Bug Hunting – Szilard Szell

A lot of nice ideas but also fun, as always.

  • There should be regular bug hunting sessions in every company
  • Reliability is always in context. In Nokia, it means max 4 minutes down per year, including maintenance.
  • Exploratory testing is goal-oriented wandering.
  • In the exploratory mode, you test something, not everything.
  • Game – Story Cubes
    • Create your own cubes and make test cases by randomly throwing them.
    • How crazy do you have to be? Again, context!
    • There is also software for this game.
  • The system has to tell you what is wrong when something is not working
  • Bug hunting should be done after it is already tested normally and fixed. Otherwise, it would be crazy.
  • Bug hunting is also about motivation and team-building. It has to be fun.
  • You then have to deal with the findings.
  • Issues is not a bug, you have to confirm and verify issues before you have a bug. Approx ½ are not bugs.
  • Do a bug hunting after a training, workshop, etc. to apply your learning immediately
  • Transparency = doing bug hunting with your customers.
  • Automation gives you more time for exploratory and other valuable activities.

Day 2

I had my talk in the afternoon so I could not attend all of the talks, but I visited at least a few of them.

How to improve your organization with TMMI – Karolina Zmitrowicz

It was a good introduction to TMMI. However, it would have been much better with real examples and lessons learned.

  • If you think you are right, you are wrong.
  • Things we are used to could be wrong.
  • If you are planning but not doing, you are dying.
  • Standards are not bad if used in the way they were created for.
  • Every higher level of any maturity level have to really aim higher than the previous one, and it should not compromise things which have already been achieved.
  • Glossaries are a very important tool because then everybody uses the same language.
  • If you use “more-less” always understand both “more” and “less”
  • A User Story is ready when the team agrees and is ready
  • The first step of any improvement is to understand the current situation and why to improve it.

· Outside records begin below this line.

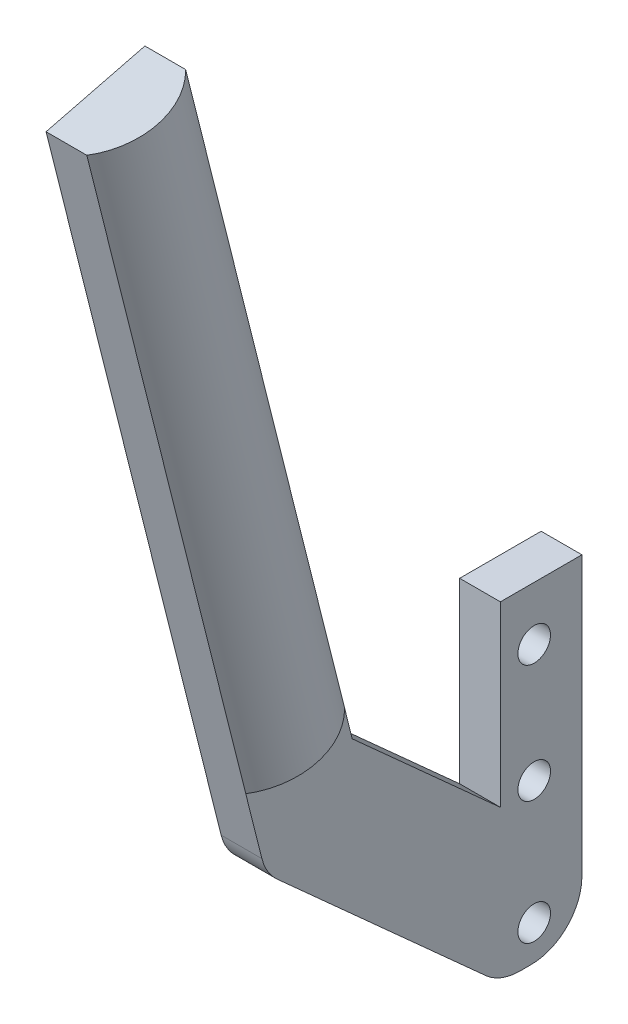
ISO-10303-21;
HEADER;
FILE_DESCRIPTION(('STEP AP214'),'2;1');
FILE_NAME('part.step','',(''),(''),'','','');
FILE_SCHEMA(('AUTOMOTIVE_DESIGN { 1 0 10303 214 1 1 1 1 }'));
ENDSEC;
DATA;
#1=APPLICATION_CONTEXT('core data for automotive mechanical design processes');
#2=APPLICATION_PROTOCOL_DEFINITION('international standard','automotive_design',2000,#1);
#3=PRODUCT_CONTEXT('',#1,'mechanical');
#4=PRODUCT('Part','Part','',(#3));
#5=PRODUCT_RELATED_PRODUCT_CATEGORY('part','',(#4));
#6=PRODUCT_DEFINITION_FORMATION('','',#4);
#7=PRODUCT_DEFINITION_CONTEXT('part definition',#1,'design');
#8=PRODUCT_DEFINITION('design','',#6,#7);
#9=PRODUCT_DEFINITION_SHAPE('','',#8);
#10=(LENGTH_UNIT() NAMED_UNIT(*) SI_UNIT(.MILLI.,.METRE.));
#11=(NAMED_UNIT(*) PLANE_ANGLE_UNIT() SI_UNIT($,.RADIAN.));
#12=(NAMED_UNIT(*) SI_UNIT($,.STERADIAN.) SOLID_ANGLE_UNIT());
#13=UNCERTAINTY_MEASURE_WITH_UNIT(LENGTH_MEASURE(1.E-05),#10,'distance_accuracy_value','');
#14=(GEOMETRIC_REPRESENTATION_CONTEXT(3) GLOBAL_UNCERTAINTY_ASSIGNED_CONTEXT((#13)) GLOBAL_UNIT_ASSIGNED_CONTEXT((#10,
#11,#12)) REPRESENTATION_CONTEXT('',''));
#15=CARTESIAN_POINT('',(0.,0.,0.));
#16=DIRECTION('',(0.,0.,1.));
#17=DIRECTION('',(1.,0.,0.));
#18=AXIS2_PLACEMENT_3D('',#15,#16,#17);
#19=CARTESIAN_POINT('',(13.5,-15.5,10.));
#20=DIRECTION('',(0.,-1.,0.));
#21=DIRECTION('',(1.,0.,0.));
#22=AXIS2_PLACEMENT_3D('',#19,#20,#21);
#23=PLANE('',#22);
#24=DIRECTION('',(0.,0.,-1.));
#25=VECTOR('',#24,1.);
#26=CARTESIAN_POINT('',(16.5,-15.5,10.));
#27=LINE('',#26,#25);
#28=CARTESIAN_POINT('',(16.5,-15.5,8.08085446230584));
#29=VERTEX_POINT('',#28);
#30=CARTESIAN_POINT('',(16.5,-15.5,7.));
#31=VERTEX_POINT('',#30);
#32=EDGE_CURVE('E250',#29,#31,#27,.T.);
#33=ORIENTED_EDGE('',*,*,#32,.T.);
#34=DIRECTION('',(-1.,0.,0.));
#35=VECTOR('',#34,1.);
#36=CARTESIAN_POINT('',(20.5,-15.5,7.));
#37=LINE('',#36,#35);
#38=CARTESIAN_POINT('',(20.5,-15.5,7.));
#39=VERTEX_POINT('',#38);
#40=EDGE_CURVE('E232',#31,#39,#37,.F.);
#41=ORIENTED_EDGE('',*,*,#40,.T.);
#42=DIRECTION('',(0.,0.,-1.));
#43=VECTOR('',#42,1.);
#44=CARTESIAN_POINT('',(20.5,-15.5,0.));
#45=LINE('',#44,#43);
#46=CARTESIAN_POINT('',(20.5,-15.5,8.08085446230584));
#47=VERTEX_POINT('',#46);
#48=EDGE_CURVE('E171',#47,#39,#45,.T.);
#49=ORIENTED_EDGE('',*,*,#48,.F.);
#50=DIRECTION('',(-1.,0.,0.));
#51=VECTOR('',#50,1.);
#52=CARTESIAN_POINT('',(13.5,-15.5,8.08085446230584));
#53=LINE('',#52,#51);
#54=EDGE_CURVE('E229',#47,#29,#53,.T.);
#55=ORIENTED_EDGE('',*,*,#54,.T.);
#56=EDGE_LOOP('',(#33,#41,#49,#55));
#57=FACE_BOUND('',#56,.T.);
#58=ADVANCED_FACE('F37',(#57),#23,.T.);
#59=CARTESIAN_POINT('',(-124.5,11.5751536993855,6.68185993922691));
#60=DIRECTION('',(1.,0.,0.));
#61=DIRECTION('',(0.,0.,-1.));
#62=AXIS2_PLACEMENT_3D('',#59,#60,#61);
#63=CYLINDRICAL_SURFACE('',#62,1.6);
#64=CARTESIAN_POINT('',(20.5,11.5751536993855,6.68185993922691));
#65=DIRECTION('',(1.,0.,0.));
#66=DIRECTION('',(0.,0.,-1.));
#67=AXIS2_PLACEMENT_3D('',#64,#65,#66);
#68=CIRCLE('',#67,1.6);
#69=CARTESIAN_POINT('',(20.5,11.5751536993855,5.08185993922691));
#70=VERTEX_POINT('',#69);
#71=EDGE_CURVE('E177',#70,#70,#68,.F.);
#72=ORIENTED_EDGE('',*,*,#71,.F.);
#73=EDGE_LOOP('',(#72));
#74=FACE_BOUND('',#73,.T.);
#75=CARTESIAN_POINT('',(16.5,11.5751536993855,6.68185993922691));
#76=DIRECTION('',(-1.,0.,0.));
#77=DIRECTION('',(0.,0.,1.));
#78=AXIS2_PLACEMENT_3D('',#75,#76,#77);
#79=CIRCLE('',#78,1.6);
#80=CARTESIAN_POINT('',(16.5,11.5751536993855,8.28185993922691));
#81=VERTEX_POINT('',#80);
#82=EDGE_CURVE('E188',#81,#81,#79,.F.);
#83=ORIENTED_EDGE('',*,*,#82,.F.);
#84=EDGE_LOOP('',(#83));
#85=FACE_BOUND('',#84,.T.);
#86=ADVANCED_FACE('F302',(#74,#85),#63,.F.);
#87=CARTESIAN_POINT('',(-124.5,-12.0698183873928,6.68185993922691));
#88=DIRECTION('',(1.,0.,0.));
#89=DIRECTION('',(0.,0.,-1.));
#90=AXIS2_PLACEMENT_3D('',#87,#88,#89);
#91=CYLINDRICAL_SURFACE('',#90,1.6);
#92=CARTESIAN_POINT('',(20.5,-12.0698183873928,6.68185993922691));
#93=DIRECTION('',(1.,0.,0.));
#94=DIRECTION('',(0.,0.,-1.));
#95=AXIS2_PLACEMENT_3D('',#92,#93,#94);
#96=CIRCLE('',#95,1.6);
#97=CARTESIAN_POINT('',(20.5,-12.0698183873928,5.08185993922691));
#98=VERTEX_POINT('',#97);
#99=EDGE_CURVE('E198',#98,#98,#96,.F.);
#100=ORIENTED_EDGE('',*,*,#99,.F.);
#101=EDGE_LOOP('',(#100));
#102=FACE_BOUND('',#101,.T.);
#103=CARTESIAN_POINT('',(16.5,-12.0698183873928,6.68185993922691));
#104=DIRECTION('',(-1.,0.,0.));
#105=DIRECTION('',(0.,0.,1.));
#106=AXIS2_PLACEMENT_3D('',#103,#104,#105);
#107=CIRCLE('',#106,1.6);
#108=CARTESIAN_POINT('',(16.5,-12.0698183873928,8.28185993922691));
#109=VERTEX_POINT('',#108);
#110=EDGE_CURVE('E289',#109,#109,#107,.F.);
#111=ORIENTED_EDGE('',*,*,#110,.F.);
#112=EDGE_LOOP('',(#111));
#113=FACE_BOUND('',#112,.T.);
#114=ADVANCED_FACE('F298',(#102,#113),#91,.F.);
#115=CARTESIAN_POINT('',(-124.5,0.,6.68185993922691));
#116=DIRECTION('',(1.,0.,0.));
#117=DIRECTION('',(0.,0.,-1.));
#118=AXIS2_PLACEMENT_3D('',#115,#116,#117);
#119=CYLINDRICAL_SURFACE('',#118,1.6);
#120=CARTESIAN_POINT('',(20.5,0.,6.68185993922691));
#121=DIRECTION('',(1.,0.,0.));
#122=DIRECTION('',(0.,0.,-1.));
#123=AXIS2_PLACEMENT_3D('',#120,#121,#122);
#124=CIRCLE('',#123,1.6);
#125=CARTESIAN_POINT('',(20.5,0.,5.08185993922691));
#126=VERTEX_POINT('',#125);
#127=EDGE_CURVE('E180',#126,#126,#124,.F.);
#128=ORIENTED_EDGE('',*,*,#127,.F.);
#129=EDGE_LOOP('',(#128));
#130=FACE_BOUND('',#129,.T.);
#131=CARTESIAN_POINT('',(16.5,0.,6.68185993922691));
#132=DIRECTION('',(-1.,0.,0.));
#133=DIRECTION('',(0.,0.,1.));
#134=AXIS2_PLACEMENT_3D('',#131,#132,#133);
#135=CIRCLE('',#134,1.6);
#136=CARTESIAN_POINT('',(16.5,0.,8.28185993922691));
#137=VERTEX_POINT('',#136);
#138=EDGE_CURVE('E286',#137,#137,#135,.F.);
#139=ORIENTED_EDGE('',*,*,#138,.F.);
#140=EDGE_LOOP('',(#139));
#141=FACE_BOUND('',#140,.T.);
#142=ADVANCED_FACE('F301',(#130,#141),#119,.F.);
#143=CARTESIAN_POINT('',(20.5,0.,10.));
#144=DIRECTION('',(0.,0.,-1.));
#145=DIRECTION('',(-1.,0.,0.));
#146=AXIS2_PLACEMENT_3D('',#143,#144,#145);
#147=PLANE('',#146);
#148=DIRECTION('',(0.,-1.,0.));
#149=VECTOR('',#148,1.);
#150=CARTESIAN_POINT('',(16.5,15.5,10.));
#151=LINE('',#150,#149);
#152=CARTESIAN_POINT('',(16.5,16.8452873223447,10.));
#153=VERTEX_POINT('',#152);
#154=CARTESIAN_POINT('',(16.5,-0.619784933226779,10.));
#155=VERTEX_POINT('',#154);
#156=EDGE_CURVE('E212',#153,#155,#151,.T.);
#157=ORIENTED_EDGE('',*,*,#156,.T.);
#158=DIRECTION('',(-1.,0.,0.));
#159=VECTOR('',#158,1.);
#160=CARTESIAN_POINT('',(20.5,-0.619784933226779,10.));
#161=LINE('',#160,#159);
#162=CARTESIAN_POINT('',(20.5,-0.619784933226779,10.));
#163=VERTEX_POINT('',#162);
#164=EDGE_CURVE('E210',#163,#155,#161,.T.);
#165=ORIENTED_EDGE('',*,*,#164,.F.);
#166=DIRECTION('',(0.,-1.,0.));
#167=VECTOR('',#166,1.);
#168=CARTESIAN_POINT('',(20.5,0.,10.));
#169=LINE('',#168,#167);
#170=CARTESIAN_POINT('',(20.5,16.8452873223447,10.));
#171=VERTEX_POINT('',#170);
#172=EDGE_CURVE('E271',#171,#163,#169,.T.);
#173=ORIENTED_EDGE('',*,*,#172,.F.);
#174=DIRECTION('',(-1.,0.,0.));
#175=VECTOR('',#174,1.);
#176=CARTESIAN_POINT('',(20.5,16.8452873223447,10.));
#177=LINE('',#176,#175);
#178=EDGE_CURVE('E183',#171,#153,#177,.T.);
#179=ORIENTED_EDGE('',*,*,#178,.T.);
#180=EDGE_LOOP('',(#157,#165,#173,#179));
#181=FACE_BOUND('',#180,.T.);
#182=ADVANCED_FACE('F274',(#181),#147,.F.);
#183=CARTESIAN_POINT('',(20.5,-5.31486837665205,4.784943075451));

User Experience (UX) Testing is not Rocket Science! – Baris Sarialioglu

This was an excellent talk. The speaker was great and some of the ideas and jokes were brilliant.

  • Life is a test and every human is a tester.
  • The first testers were Adam and Eve and they were not scared – they ate the apple and got expelled from paradise. Test passed and God was not a lier – it worked as promised.
  • The most important UX Rule = value > pain
  • Everything hurts.
  • What users do is not what they say.
  • UX testing is always grey, it is never black or white.
  • Admit it! You are not a user and they are often far away from your understanding.
  • There is not a single tool (so far) to evaluate confusion.
  • Users are strange and not always right, but they always have a point.
  • Users do not hate change. They hate you if the change you bring does not make their life easier.
  • The assumption that more features bring more freedom is wrong.
  • Freedom is dangerous in software.
  • If you are promoting some group of users, make sure the others are not offended.
  • Silly questions usually do not have meaningful answers.
  • UX is bigger than usability.
  • At first, it needs to work, and then it could be usable.
  • Select your users for UX sessions based on behavior. Nothing else matters.

AI for Testers: the future today – Joel Oliveira

  • It is hard to be just a tester, but that is what we should be sometimes.
  • AI is not an intelligence, it imitates it.
  • It starts to be exciting when computers do things which are usually performed by humans.
  • AI is not yet real, but the hype is.
  • C-levels talking about AI are often the same guys who told you to go Agile because it is faster, cheaper and cool.
  • Machines cannot explain their thinking, they might have an answer but they cannot explain why.
  • Sometimes things are too smart, especially AI can think its idea is better because it is smarter, but people would work in a different way because we are not so smart.